1. The system is characterized by comprising a distributed data acquisition substation and a data collection processing center, wherein the distributed data acquisition substation comprises various sensors, a data acquisition card and a controller which are sequentially connected, the data collection processing center comprises a multi-channel switch and a server station host, the controller and the server station host are respectively connected to the multi-channel switch in a hanging manner, and the distributed data acquisition substation is distributed in each carriage of the train.

2. The system for testing ATO performance of train in acceleration and braking stage based on NVH of claim 1, wherein said various sensors include acceleration sensor and audio sensor;

the acceleration sensor comprises a triaxial acceleration sensor and a one-way acceleration sensor, the one-way acceleration sensor is arranged at the position of an excitation source, and the triaxial acceleration sensor is arranged in the carriage to obtain excitation response.

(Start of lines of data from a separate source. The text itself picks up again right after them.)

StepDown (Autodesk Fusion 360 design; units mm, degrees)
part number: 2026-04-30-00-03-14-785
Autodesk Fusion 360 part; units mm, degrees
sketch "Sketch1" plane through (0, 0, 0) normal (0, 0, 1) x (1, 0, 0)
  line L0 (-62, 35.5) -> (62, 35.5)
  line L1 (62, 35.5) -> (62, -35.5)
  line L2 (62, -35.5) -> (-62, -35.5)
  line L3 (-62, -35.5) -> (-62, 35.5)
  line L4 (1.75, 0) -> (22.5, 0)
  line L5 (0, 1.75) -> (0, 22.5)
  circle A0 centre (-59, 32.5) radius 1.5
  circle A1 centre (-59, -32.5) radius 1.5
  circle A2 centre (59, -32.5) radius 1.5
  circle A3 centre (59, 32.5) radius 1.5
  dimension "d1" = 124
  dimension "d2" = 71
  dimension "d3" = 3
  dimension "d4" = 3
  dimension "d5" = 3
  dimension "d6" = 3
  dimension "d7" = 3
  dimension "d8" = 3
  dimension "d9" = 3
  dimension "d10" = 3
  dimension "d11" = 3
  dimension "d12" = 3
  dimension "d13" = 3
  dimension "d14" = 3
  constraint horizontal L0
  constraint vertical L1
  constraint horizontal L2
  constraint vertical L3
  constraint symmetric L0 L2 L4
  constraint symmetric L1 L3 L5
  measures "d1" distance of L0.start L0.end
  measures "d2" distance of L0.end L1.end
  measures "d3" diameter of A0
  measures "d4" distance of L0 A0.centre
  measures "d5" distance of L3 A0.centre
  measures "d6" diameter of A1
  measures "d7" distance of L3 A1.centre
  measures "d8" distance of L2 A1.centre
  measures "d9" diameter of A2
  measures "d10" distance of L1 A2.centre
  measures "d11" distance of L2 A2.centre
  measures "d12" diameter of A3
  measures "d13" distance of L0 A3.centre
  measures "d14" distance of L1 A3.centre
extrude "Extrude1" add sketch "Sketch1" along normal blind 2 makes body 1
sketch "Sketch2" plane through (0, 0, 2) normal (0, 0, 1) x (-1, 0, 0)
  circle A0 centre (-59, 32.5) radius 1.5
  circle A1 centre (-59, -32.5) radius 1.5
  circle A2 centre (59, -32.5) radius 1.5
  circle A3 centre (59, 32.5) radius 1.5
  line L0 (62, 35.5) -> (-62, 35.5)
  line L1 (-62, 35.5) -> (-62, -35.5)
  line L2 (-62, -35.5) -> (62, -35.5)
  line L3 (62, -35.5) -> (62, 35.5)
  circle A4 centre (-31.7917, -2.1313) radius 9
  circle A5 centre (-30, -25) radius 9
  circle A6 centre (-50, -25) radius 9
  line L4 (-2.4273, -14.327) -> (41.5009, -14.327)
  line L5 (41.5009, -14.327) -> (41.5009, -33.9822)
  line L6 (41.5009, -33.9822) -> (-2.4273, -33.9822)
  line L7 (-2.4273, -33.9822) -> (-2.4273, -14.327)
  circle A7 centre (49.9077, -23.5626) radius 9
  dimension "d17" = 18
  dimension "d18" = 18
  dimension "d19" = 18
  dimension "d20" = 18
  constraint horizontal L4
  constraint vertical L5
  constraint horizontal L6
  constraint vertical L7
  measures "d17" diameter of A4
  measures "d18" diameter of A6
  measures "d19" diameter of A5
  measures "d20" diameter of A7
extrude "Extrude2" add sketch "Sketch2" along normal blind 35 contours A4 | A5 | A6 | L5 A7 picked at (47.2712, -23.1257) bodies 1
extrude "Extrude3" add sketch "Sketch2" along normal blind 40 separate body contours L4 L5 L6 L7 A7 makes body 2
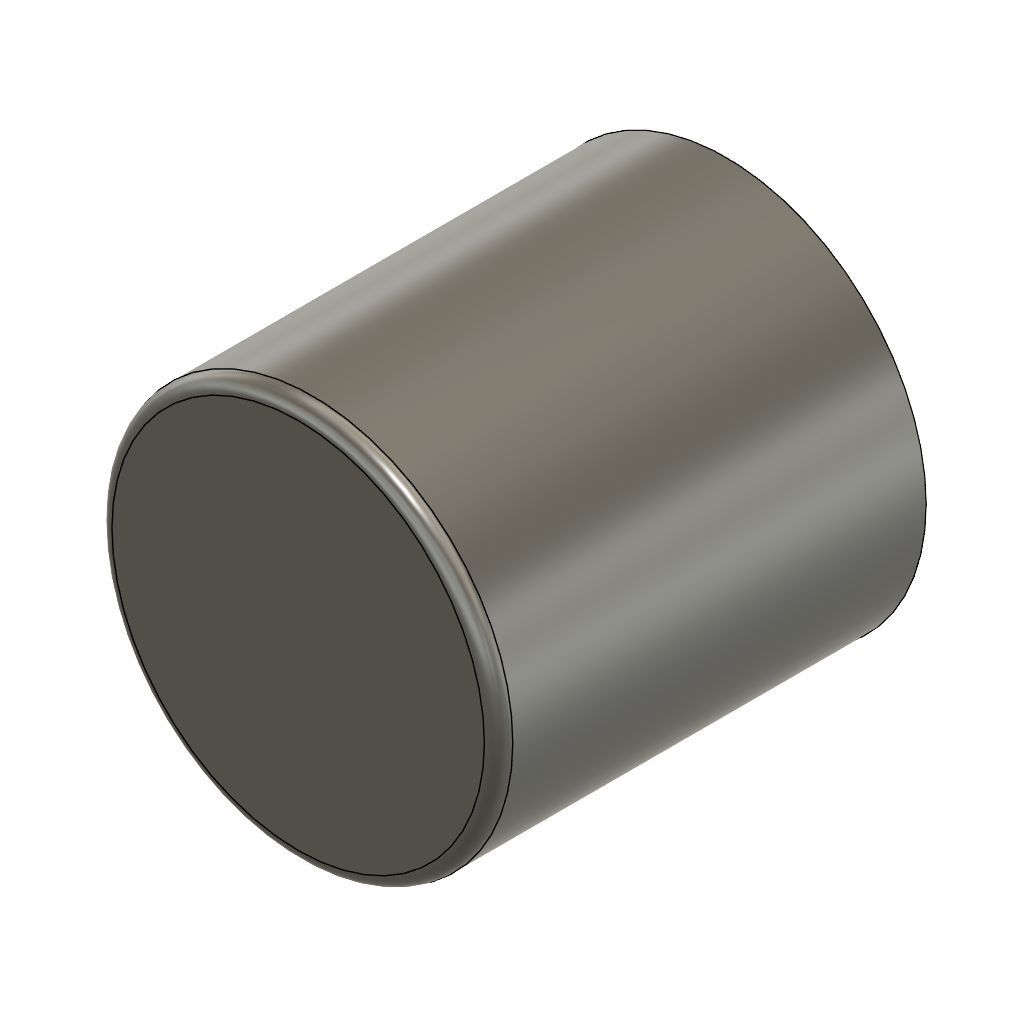
Reconstructed (Autodesk Fusion 360 design; units mm, degrees)
part number: 2026-11-25-22-50-06-317
Autodesk Fusion 360 part; units mm, degrees
sketch "Disc sketch" plane through (0, 0, 0) normal (0, 0, 1) x (1, 0, 0)
  circle A0 centre (0, 0) radius 12.7
extrude "Disc extrude" add sketch "Disc sketch" along normal blind 27.1
fillet "Rim round" radius 0.9 1 edges at (-11.8406, -4.5925, 27.1)
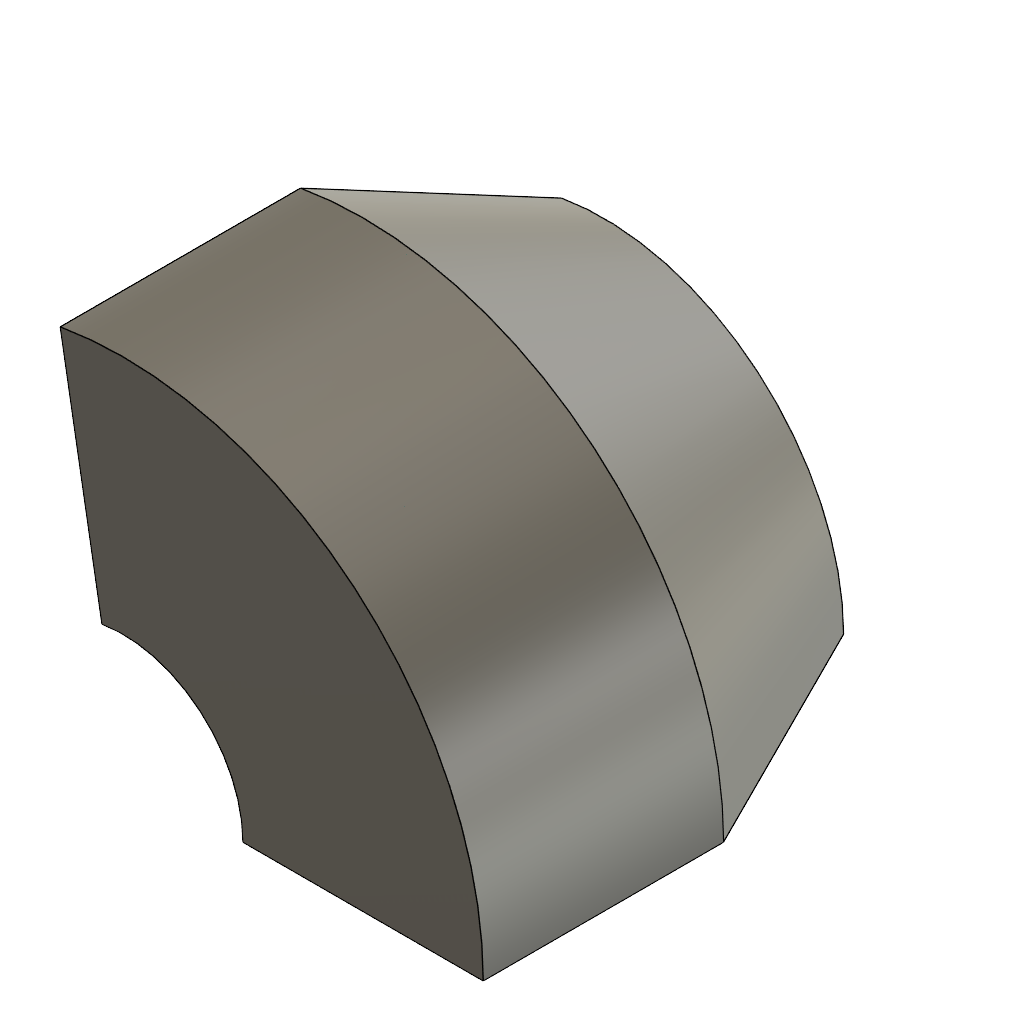
rev_partial_angle (Autodesk Fusion 360 design; units mm, degrees)
part number: 2026-11-13-14-37-11-062
Autodesk Fusion 360 part; units mm, degrees
sketch "Sketch1" plane through (0, 0, 0) normal (0, 1, 0) x (1, 0, 0)
  line L0 (5, 0) -> (15, 0)
  line L1 (15, 0) -> (15, 10)
  line L2 (15, 10) -> (10, 20)
  line L3 (10, 20) -> (5, 20)
  line L4 (5, 20) -> (5, 0)
revolve "Revolve1" add sketch "Sketch1" angle 100 about axis through (0, 0, 1.75) along (0, 0, 1)
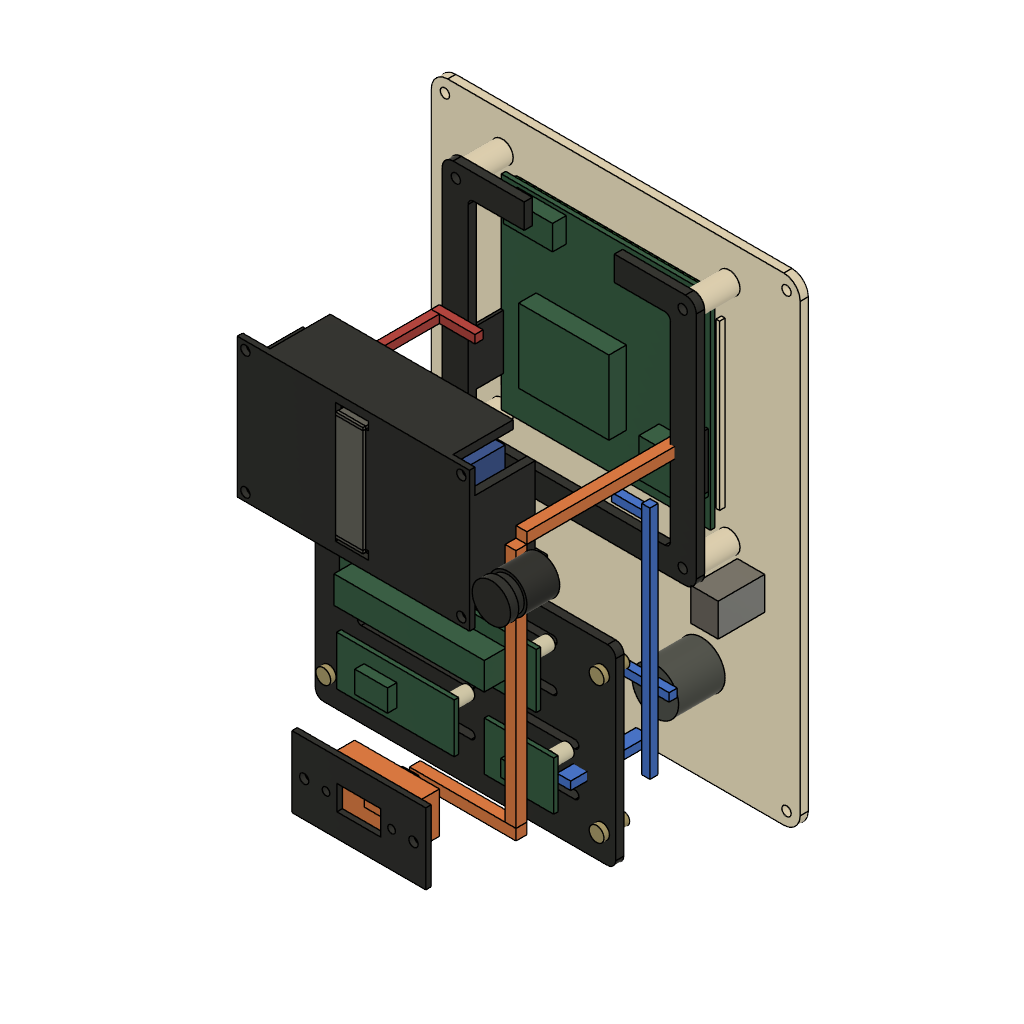
ORBIT-RevD-inspection (Autodesk Fusion 360 design; units mm, degrees)
part number: 2026-10-11-19-51-13-014
part number: 2026-10-11-19-51-13-171
part number: 2026-10-11-19-51-13-754
part number: 2026-10-11-19-51-15-998
part number: 2026-10-11-19-51-20-157
part number: 2026-10-11-19-51-22-045
part number: 2026-10-11-19-51-29-710
part number: 2026-10-11-19-51-37-269
part number: 2026-10-11-19-51-38-093
part number: 2026-10-11-19-51-39-125
part number: 2026-10-11-19-51-40-164
part number: 2026-10-11-19-51-41-218
part number: 2026-10-11-19-51-42-298
part number: 2026-10-11-19-51-44-407
part number: 2026-10-11-19-51-45-579
part number: 2026-10-11-19-51-46-216
part number: 2026-10-11-19-51-46-876
part number: 2026-10-11-19-51-47-517
part number: 2026-10-11-19-51-48-186
part number: 2026-10-11-19-51-49-445
part number: 2026-10-11-19-51-50-730
part number: 2026-10-11-19-51-51-999
part number: 2026-10-11-19-51-55-690
part number: 2026-10-11-19-52-03-764
part number: 2026-10-11-19-52-06-742
part number: 2026-10-11-19-52-09-801
part number: 2026-10-11-19-54-35-240
part number: 2026-10-11-20-27-58-250
part number: 2026-10-11-20-28-22-138
part number: 2026-10-11-20-28-23-770
part number: 2026-10-11-20-28-28-011
part number: 2026-10-11-20-28-32-254
Autodesk Fusion 360 part; units mm, degrees
(part 1 of 2)
ref_plane "WorkPlane1" through (0, 0, 0) normal (0, 0, 1) x (1, 0, 0) in component "01 Ivory front panel"
sketch "Front panel 3mm" plane through (0, 0, 0) normal (0, 0, 1) x (1, 0, 0) in component "01 Ivory front panel"
  line L0 (6, 0) -> (129, 0)
  arc A0 (129, 0) -> (135, 6) centre (129, 6) ccw
  line L1 (135, 6) -> (135, 169)
  arc A1 (135, 169) -> (129, 175) centre (129, 169) ccw
  line L2 (129, 175) -> (6, 175)
  arc A2 (6, 175) -> (0, 169) centre (6, 169) ccw
  line L3 (0, 169) -> (0, 6)
  arc A3 (0, 6) -> (6, 0) centre (6, 6) ccw
extrude "Front panel 3mm (1)" add sketch "Front panel 3mm" along normal blind 3 makes body 1 in component "01 Ivory front panel"
ref_plane "WorkPlane2" through (0, 0, 0) normal (0, 0, 1) x (1, 0, 0) in component "01 Ivory front panel"
sketch "Display aperture - provisional" plane through (0, 0, 0) normal (0, 0, 1) x (1, 0, 0) in component "01 Ivory front panel"
  line L0 (32.5, 85) -> (102.5, 85)
  arc A0 (102.5, 85) -> (103.5, 86) centre (102.5, 86) ccw
  line L1 (103.5, 86) -> (103.5, 156)
  arc A1 (103.5, 156) -> (102.5, 157) centre (102.5, 156) ccw
  line L2 (102.5, 157) -> (32.5, 157)
  arc A2 (32.5, 157) -> (31.5, 156) centre (32.5, 156) ccw
  line L3 (31.5, 156) -> (31.5, 86)
  arc A3 (31.5, 86) -> (32.5, 85) centre (32.5, 86) ccw
extrude "Display aperture - provisional (1)" cut sketch "Display aperture - provisional" along normal blind 3 bodies 1 in component "01 Ivory front panel"
ref_plane "WorkPlane3" through (0, 0, 0) normal (0, 0, 1) x (1, 0, 0) in component "01 Ivory front panel"
sketch "Encoder clearance" plane through (0, 0, 0) normal (0, 0, 1) x (1, 0, 0) in component "01 Ivory front panel"
  circle A0 centre (36, 36) radius 3.7
extrude "Encoder clearance (1)" cut sketch "Encoder clearance" along normal blind 3 bodies 1 in component "01 Ivory front panel"
ref_plane "WorkPlane4" through (0, 0, 0) normal (0, 0, 1) x (1, 0, 0) in component "01 Ivory front panel"
sketch "Potentiometer clearance" plane through (0, 0, 0) normal (0, 0, 1) x (1, 0, 0) in component "01 Ivory front panel"
  circle A0 centre (99, 36) radius 3.7
extrude "Potentiometer clearance (1)" cut sketch "Potentiometer clearance" along normal blind 3 bodies 1 in component "01 Ivory front panel"
ref_plane "WorkPlane5" through (0, 0, 0) normal (0, 0, 1) x (1, 0, 0) in component "01 Ivory front panel"
sketch "Hold toggle clearance" plane through (0, 0, 0) normal (0, 0, 1) x (1, 0, 0) in component "01 Ivory front panel"
  circle A0 centre (18, 70) radius 3.2
extrude "Hold toggle clearance (1)" cut sketch "Hold toggle clearance" along normal blind 3 bodies 1 in component "01 Ivory front panel"
ref_plane "WorkPlane6" through (0, 0, 0) normal (0, 0, 1) x (1, 0, 0) in component "01 Ivory front panel"
sketch "Grid toggle clearance" plane through (0, 0, 0) normal (0, 0, 1) x (1, 0, 0) in component "01 Ivory front panel"
  circle A0 centre (117, 70) radius 3.2
extrude "Grid toggle clearance (1)" cut sketch "Grid toggle clearance" along normal blind 3 bodies 1 in component "01 Ivory front panel"
ref_plane "WorkPlane7" through (0, 0, 0) normal (0, 0, 1) x (1, 0, 0) in component "01 Ivory front panel"
sketch "Decorative disk slot recess" plane through (0, 0, 0) normal (0, 0, 1) x (1, 0, 0) in component "01 Ivory front panel"
  line L0 (51.5, 16) -> (83.5, 16)
  arc A0 (83.5, 16) -> (84.5, 17) centre (83.5, 17) ccw
  line L1 (84.5, 17) -> (84.5, 17.4)
  arc A1 (84.5, 17.4) -> (83.5, 18.4) centre (83.5, 17.4) ccw
  line L2 (83.5, 18.4) -> (51.5, 18.4)
  arc A2 (51.5, 18.4) -> (50.5, 17.4) centre (51.5, 17.4) ccw
  line L3 (50.5, 17.4) -> (50.5, 17)
  arc A3 (50.5, 17) -> (51.5, 16) centre (51.5, 17) ccw
extrude "Decorative disk slot recess (1)" cut sketch "Decorative disk slot recess" along normal blind 0.8 bodies 1 in component "01 Ivory front panel"
ref_plane "WorkPlane8" through (0, 0, 0) normal (0, 0, 1) x (1, 0, 0) in component "01 Ivory front panel"
sketch "M3 front screw" plane through (0, 0, 0) normal (0, 0, 1) x (1, 0, 0) in component "01 Ivory front panel"
  circle A0 centre (5, 5) radius 1.7
extrude "M3 front screw (1)" cut sketch "M3 front screw" along normal blind 3 bodies 1 in component "01 Ivory front panel"
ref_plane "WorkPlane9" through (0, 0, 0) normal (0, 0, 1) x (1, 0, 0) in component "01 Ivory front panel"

3. The system for testing ATO performance of train in acceleration and braking phase based on NVH of claim 1, wherein said distributed data acquisition substation further comprises a connector adapter plate, said controller is a PXI controller, said data acquisition card is a PXI data acquisition card, said PXI controller is connected with the PXI data acquisition card through PXI bus, said PXI data acquisition card is connected with various sensors through the connector adapter plate.

4. The system for testing ATO performance of train in acceleration and braking stage based on NVH of claim 1, wherein said data summarization processing center further comprises a power supply module, a remote power supply enabling module, a clock server and a KVM, said power supply module is respectively connected with a multi-channel switch, a server station host, a clock server and a KVM, said clock server and a KVM are respectively connected with the server station host;

one end of the multi-channel switch is connected with the server station host, other photoelectric interfaces are connected with all the distributed data acquisition substations, and data issued by all the distributed data acquisition substations are gathered to the server station host through the multi-channel switch.

5. The system for testing ATO performance of train in acceleration and braking phase based on NVH as claimed in claim 4, wherein said multi-channel switch is a multi-channel multi-mode switch supporting hundreds and thousands of mega Ethernet, supporting more than 20 channels of access, and supporting optical-electrical interface.

6. The system according to claim 4, wherein the server station host is a workstation level host, and the KVM comprises a keyboard, a mouse and a display.